Breit, the investment company majority owned by Mr Wiese, said the deal gave Virgin Active an enterprise value of £1.3bn. It would help Virgin Active open between 12 and 15 gyms a year, the health and fitness chain said.

LA Fitness now has at least three possible suitors, with Terra Firma competing against gym operators Pure Gym and Fitness First for 43 gyms in London and the southeast of England valued at up to £80m.

The business, which underwent a company voluntary arrangement last year and sold 33 gyms to Mike Ashley's Sports Direct, has been squeezed by the rise of discount gyms and, at the top of the market, by specialised health chains.

However, the sale may attract the attention of competition authorities. Pure Gym's merger with The Gym Group was blocked last year, and while the discount gym chain has little overlap with LA Fitness's estate, rival Fitness First is more exposed.

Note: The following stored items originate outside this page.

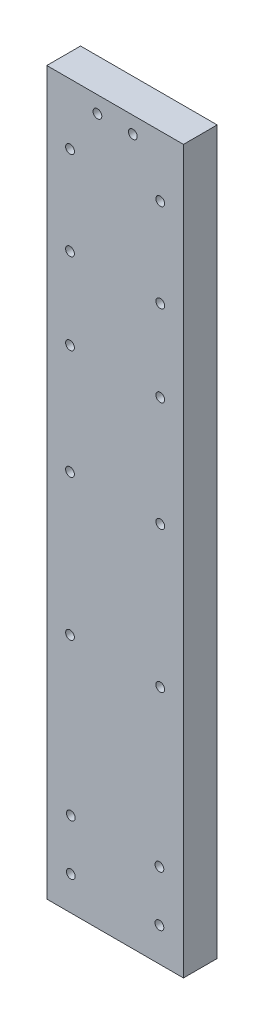
ISO-10303-21;
HEADER;
FILE_DESCRIPTION(('STEP AP214'),'2;1');
FILE_NAME('part.step','',(''),(''),'','','');
FILE_SCHEMA(('AUTOMOTIVE_DESIGN { 1 0 10303 214 1 1 1 1 }'));
ENDSEC;
DATA;
#1=APPLICATION_CONTEXT('core data for automotive mechanical design processes');
#2=APPLICATION_PROTOCOL_DEFINITION('international standard','automotive_design',2000,#1);
#3=PRODUCT_CONTEXT('',#1,'mechanical');
#4=PRODUCT('Part','Part','',(#3));
#5=PRODUCT_RELATED_PRODUCT_CATEGORY('part','',(#4));
#6=PRODUCT_DEFINITION_FORMATION('','',#4);
#7=PRODUCT_DEFINITION_CONTEXT('part definition',#1,'design');
#8=PRODUCT_DEFINITION('design','',#6,#7);
#9=PRODUCT_DEFINITION_SHAPE('','',#8);
#10=(LENGTH_UNIT() NAMED_UNIT(*) SI_UNIT(.MILLI.,.METRE.));
#11=(NAMED_UNIT(*) PLANE_ANGLE_UNIT() SI_UNIT($,.RADIAN.));
#12=(NAMED_UNIT(*) SI_UNIT($,.STERADIAN.) SOLID_ANGLE_UNIT());
#13=UNCERTAINTY_MEASURE_WITH_UNIT(LENGTH_MEASURE(1.E-05),#10,'distance_accuracy_value','');
#14=(GEOMETRIC_REPRESENTATION_CONTEXT(3) GLOBAL_UNCERTAINTY_ASSIGNED_CONTEXT((#13)) GLOBAL_UNIT_ASSIGNED_CONTEXT((#10,
#11,#12)) REPRESENTATION_CONTEXT('',''));
#15=CARTESIAN_POINT('',(0.,0.,0.));
#16=DIRECTION('',(0.,0.,1.));
#17=DIRECTION('',(1.,0.,0.));
#18=AXIS2_PLACEMENT_3D('',#15,#16,#17);
#19=CARTESIAN_POINT('',(0.,0.,4.));
#20=DIRECTION('',(0.,0.,-1.));
#21=DIRECTION('',(-1.,0.,0.));
#22=AXIS2_PLACEMENT_3D('',#19,#20,#21);
#23=PLANE('',#22);
#24=CARTESIAN_POINT('',(10.2,83.635,4.));
#25=DIRECTION('',(0.,0.,1.));
#26=DIRECTION('',(1.,0.,0.));
#27=AXIS2_PLACEMENT_3D('',#24,#25,#26);
#28=CIRCLE('',#27,0.519960121099865);
#29=CARTESIAN_POINT('',(10.7199601210999,83.635,4.));
#30=VERTEX_POINT('',#29);
#31=EDGE_CURVE('E193',#30,#30,#28,.T.);
#32=ORIENTED_EDGE('',*,*,#31,.F.);
#33=EDGE_LOOP('',(#32));
#34=FACE_BOUND('',#33,.T.);
#35=CARTESIAN_POINT('',(13.45,78.385,4.));
#36=DIRECTION('',(0.,0.,1.));
#37=DIRECTION('',(1.,0.,0.));
#38=AXIS2_PLACEMENT_3D('',#35,#36,#37);
#39=CIRCLE('',#38,0.519960121099861);
#40=CARTESIAN_POINT('',(13.9699601210999,78.385,4.));
#41=VERTEX_POINT('',#40);
#42=EDGE_CURVE('E181',#41,#41,#39,.T.);
#43=ORIENTED_EDGE('',*,*,#42,.F.);
#44=EDGE_LOOP('',(#43));
#45=FACE_BOUND('',#44,.T.);
#46=CARTESIAN_POINT('',(13.35,4.,4.));
#47=DIRECTION('',(0.,0.,1.));
#48=DIRECTION('',(-1.,0.,0.));
#49=AXIS2_PLACEMENT_3D('',#46,#47,#48);
#50=CIRCLE('',#49,0.519960121099866);
#51=CARTESIAN_POINT('',(12.8300398789001,4.,4.));
#52=VERTEX_POINT('',#51);
#53=EDGE_CURVE('E169',#52,#52,#50,.T.);
#54=ORIENTED_EDGE('',*,*,#53,.F.);
#55=EDGE_LOOP('',(#54));
#56=FACE_BOUND('',#55,.T.);
#57=CARTESIAN_POINT('',(2.85,4.,4.));
#58=DIRECTION('',(0.,0.,1.));
#59=DIRECTION('',(1.,0.,0.));
#60=AXIS2_PLACEMENT_3D('',#57,#58,#59);
#61=CIRCLE('',#60,0.519960121099866);
#62=CARTESIAN_POINT('',(3.36996012109987,4.,4.));
#63=VERTEX_POINT('',#62);
#64=EDGE_CURVE('E157',#63,#63,#61,.T.);
#65=ORIENTED_EDGE('',*,*,#64,.F.);
#66=EDGE_LOOP('',(#65));
#67=FACE_BOUND('',#66,.T.);
#68=CARTESIAN_POINT('',(13.45,67.885,4.));
#69=DIRECTION('',(0.,0.,1.));
#70=DIRECTION('',(1.,0.,0.));
#71=AXIS2_PLACEMENT_3D('',#68,#69,#70);
#72=CIRCLE('',#71,0.519960121099861);
#73=CARTESIAN_POINT('',(13.9699601210999,67.885,4.));
#74=VERTEX_POINT('',#73);
#75=EDGE_CURVE('E145',#74,#74,#72,.T.);
#76=ORIENTED_EDGE('',*,*,#75,.F.);
#77=EDGE_LOOP('',(#76));
#78=FACE_BOUND('',#77,.T.);
#79=CARTESIAN_POINT('',(13.45,58.24,4.));
#80=DIRECTION('',(0.,0.,1.));
#81=DIRECTION('',(1.,0.,0.));
#82=AXIS2_PLACEMENT_3D('',#79,#80,#81);
#83=CIRCLE('',#82,0.519960121099861);
#84=CARTESIAN_POINT('',(13.9699601210999,58.24,4.));
#85=VERTEX_POINT('',#84);
#86=EDGE_CURVE('E133',#85,#85,#83,.T.);
#87=ORIENTED_EDGE('',*,*,#86,.F.);
#88=EDGE_LOOP('',(#87));
#89=FACE_BOUND('',#88,.T.);
#90=CARTESIAN_POINT('',(13.45,45.24,4.));
#91=DIRECTION('',(0.,0.,1.));
#92=DIRECTION('',(1.,0.,0.));
#93=AXIS2_PLACEMENT_3D('',#90,#91,#92);
#94=CIRCLE('',#93,0.519960121099861);
#95=CARTESIAN_POINT('',(13.9699601210999,45.24,4.));
#96=VERTEX_POINT('',#95);
#97=EDGE_CURVE('E121',#96,#96,#94,.T.);
#98=ORIENTED_EDGE('',*,*,#97,.F.);
#99=EDGE_LOOP('',(#98));
#100=FACE_BOUND('',#99,.T.);
#101=CARTESIAN_POINT('',(13.45,28.5,4.));
#102=DIRECTION('',(0.,0.,1.));
#103=DIRECTION('',(1.,0.,0.));
#104=AXIS2_PLACEMENT_3D('',#101,#102,#103);
#105=CIRCLE('',#104,0.519960121099865);
#106=CARTESIAN_POINT('',(13.9699601210999,28.5,4.));
#107=VERTEX_POINT('',#106);
#108=EDGE_CURVE('E100',#107,#107,#105,.T.);
#109=ORIENTED_EDGE('',*,*,#108,.F.);
#110=EDGE_LOOP('',(#109));
#111=FACE_BOUND('',#110,.T.);
#112=DIRECTION('',(-1.,0.,0.));
#113=VECTOR('',#112,1.);
#114=CARTESIAN_POINT('',(16.2,85.59,4.));
#115=LINE('',#114,#113);
#116=CARTESIAN_POINT('',(16.2,85.59,4.));
#117=VERTEX_POINT('',#116);
#118=CARTESIAN_POINT('',(0.,85.59,4.));
#119=VERTEX_POINT('',#118);
#120=EDGE_CURVE('E85',#117,#119,#115,.T.);
#121=ORIENTED_EDGE('',*,*,#120,.T.);
#122=DIRECTION('',(0.,-1.,0.));
#123=VECTOR('',#122,1.);
#124=CARTESIAN_POINT('',(0.,0.,4.));
#125=LINE('',#124,#123);
#126=CARTESIAN_POINT('',(0.,0.,4.));
#127=VERTEX_POINT('',#126);
#128=EDGE_CURVE('E80',#119,#127,#125,.T.);
#129=ORIENTED_EDGE('',*,*,#128,.T.);
#130=DIRECTION('',(1.,0.,0.));
#131=VECTOR('',#130,1.);
#132=CARTESIAN_POINT('',(0.,0.,4.));
#133=LINE('',#132,#131);
#134=CARTESIAN_POINT('',(16.2,0.,4.));
#135=VERTEX_POINT('',#134);
#136=EDGE_CURVE('E83',#127,#135,#133,.T.);
#137=ORIENTED_EDGE('',*,*,#136,.T.);
#138=DIRECTION('',(0.,1.,0.));
#139=VECTOR('',#138,1.);
#140=CARTESIAN_POINT('',(16.2,0.,4.));
#141=LINE('',#140,#139);
#142=EDGE_CURVE('E50',#135,#117,#141,.T.);
#143=ORIENTED_EDGE('',*,*,#142,.T.);
#144=EDGE_LOOP('',(#121,#129,#137,#143));
#145=FACE_BOUND('',#144,.T.);
#146=CARTESIAN_POINT('',(2.75,28.5,4.));
#147=DIRECTION('',(0.,0.,1.));
#148=DIRECTION('',(1.,0.,0.));
#149=AXIS2_PLACEMENT_3D('',#146,#147,#148);
#150=CIRCLE('',#149,0.519960121099867);
#151=CARTESIAN_POINT('',(3.26996012109987,28.5,4.));
#152=VERTEX_POINT('',#151);
#153=EDGE_CURVE('E115',#152,#152,#150,.T.);
#154=ORIENTED_EDGE('',*,*,#153,.F.);
#155=EDGE_LOOP('',(#154));
#156=FACE_BOUND('',#155,.T.);
#157=CARTESIAN_POINT('',(2.75,45.24,4.));
#158=DIRECTION('',(0.,0.,1.));
#159=DIRECTION('',(1.,0.,0.));
#160=AXIS2_PLACEMENT_3D('',#157,#158,#159);
#161=CIRCLE('',#160,0.519960121099859);
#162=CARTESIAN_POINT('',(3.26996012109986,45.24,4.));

? Related FT news: The must-have extras in the race to fitness

Mayer pushes Yahoo deeper into search

Marissa Mayer, Yahoo's chief executive, has been trying to turnround the ageing internet company for almost three years - but so far, has not been able to change its search business, which contributes over a third of the revenue, writes Hannah Kuchler.

This week, she announced a renegotiated agreement with Microsoft, which provides the search engine Bing to Yahoo users while allowing Yahoo to control the advertising that appears next to it. The new deal will allow Yahoo to experiment with up to 49 per cent of its search traffic in the next five years.

Many analysts had expected a more dramatic deal - potentially abandoning a pact with Microsoft - but the settlement was greeted mostly positively.

Ms Mayer was hired to head Yahoo because of her flair for product design and experience, which she pursued at her former home of Google, focusing on search. She could now invent a whole new way of searching the web, for example, using the anticipatory service Aviate that Yahoo bought last year, which predicts what a user will want in real time.

The biggest move she could make would be to send that 49 per cent of traffic to Google, the dominant player and the best at monetising search. A Yahoo-Google deal was previously blocked by antitrust concerns but both companies have lost some market share to Bing since then, so it could be possible.

For Microsoft the deal means its premium advertising sales team will be able to build links with marketers, with faster feedback for its search product from the people who pay for it.

And finally . . . the lighter side of the news

? In the movies, good always prevails. It will typically be with just seconds to spare, but you can rest assured that the hero will succeed. However, it seems cyber criminals haven't read the script. This week, tech groups Verizon and Symantec said hackers were running rampant, holding companies to ransom - creating a vibrant black market in digital skulduggery. It seems that the devil has IT support to go with all the best tunes.

? You have to feel for McDonald's employees in Japan. Even five-star burger flippers are in danger of carrying the can for the chain's waning sales and increasing losses. Those not caught by the axe falling on 131 restaurants will be subject to increasingly stringent performance-based pay regimes. As the performance of the daily fryer degreasing looms, some might find "I'm lovin' it!" is not quite the phrase that springs to mind.

? It is an indecent proposal worthy of Carry On Banking: 'Is that a share certificate in your pocket or are you just happy to see me?' Ashley Madison, the Canadian matchmaker for adulterous affairs, is eyeing up London's exchanges with the aim of raising $20m. It is a bold move for a group more hung up on secrecy than Apple's R&D labs. Of course, it is targeting a main market listing: the bigger the bourse, the bigger the player.

? It's a dilemma for gym bunnies: where do you put the cash for your kale and goji berry smoothie when clad from head to toe in Lycra? How about using the fitness tracker welded to your wrist to make a contactless payment instead? But be warned: the technology could be put to more Orwellian ends. Tapping to pay a bus fare instead of finishing that 10k run could lead to reprisals if the data gets downloaded to your digital drill sergeant.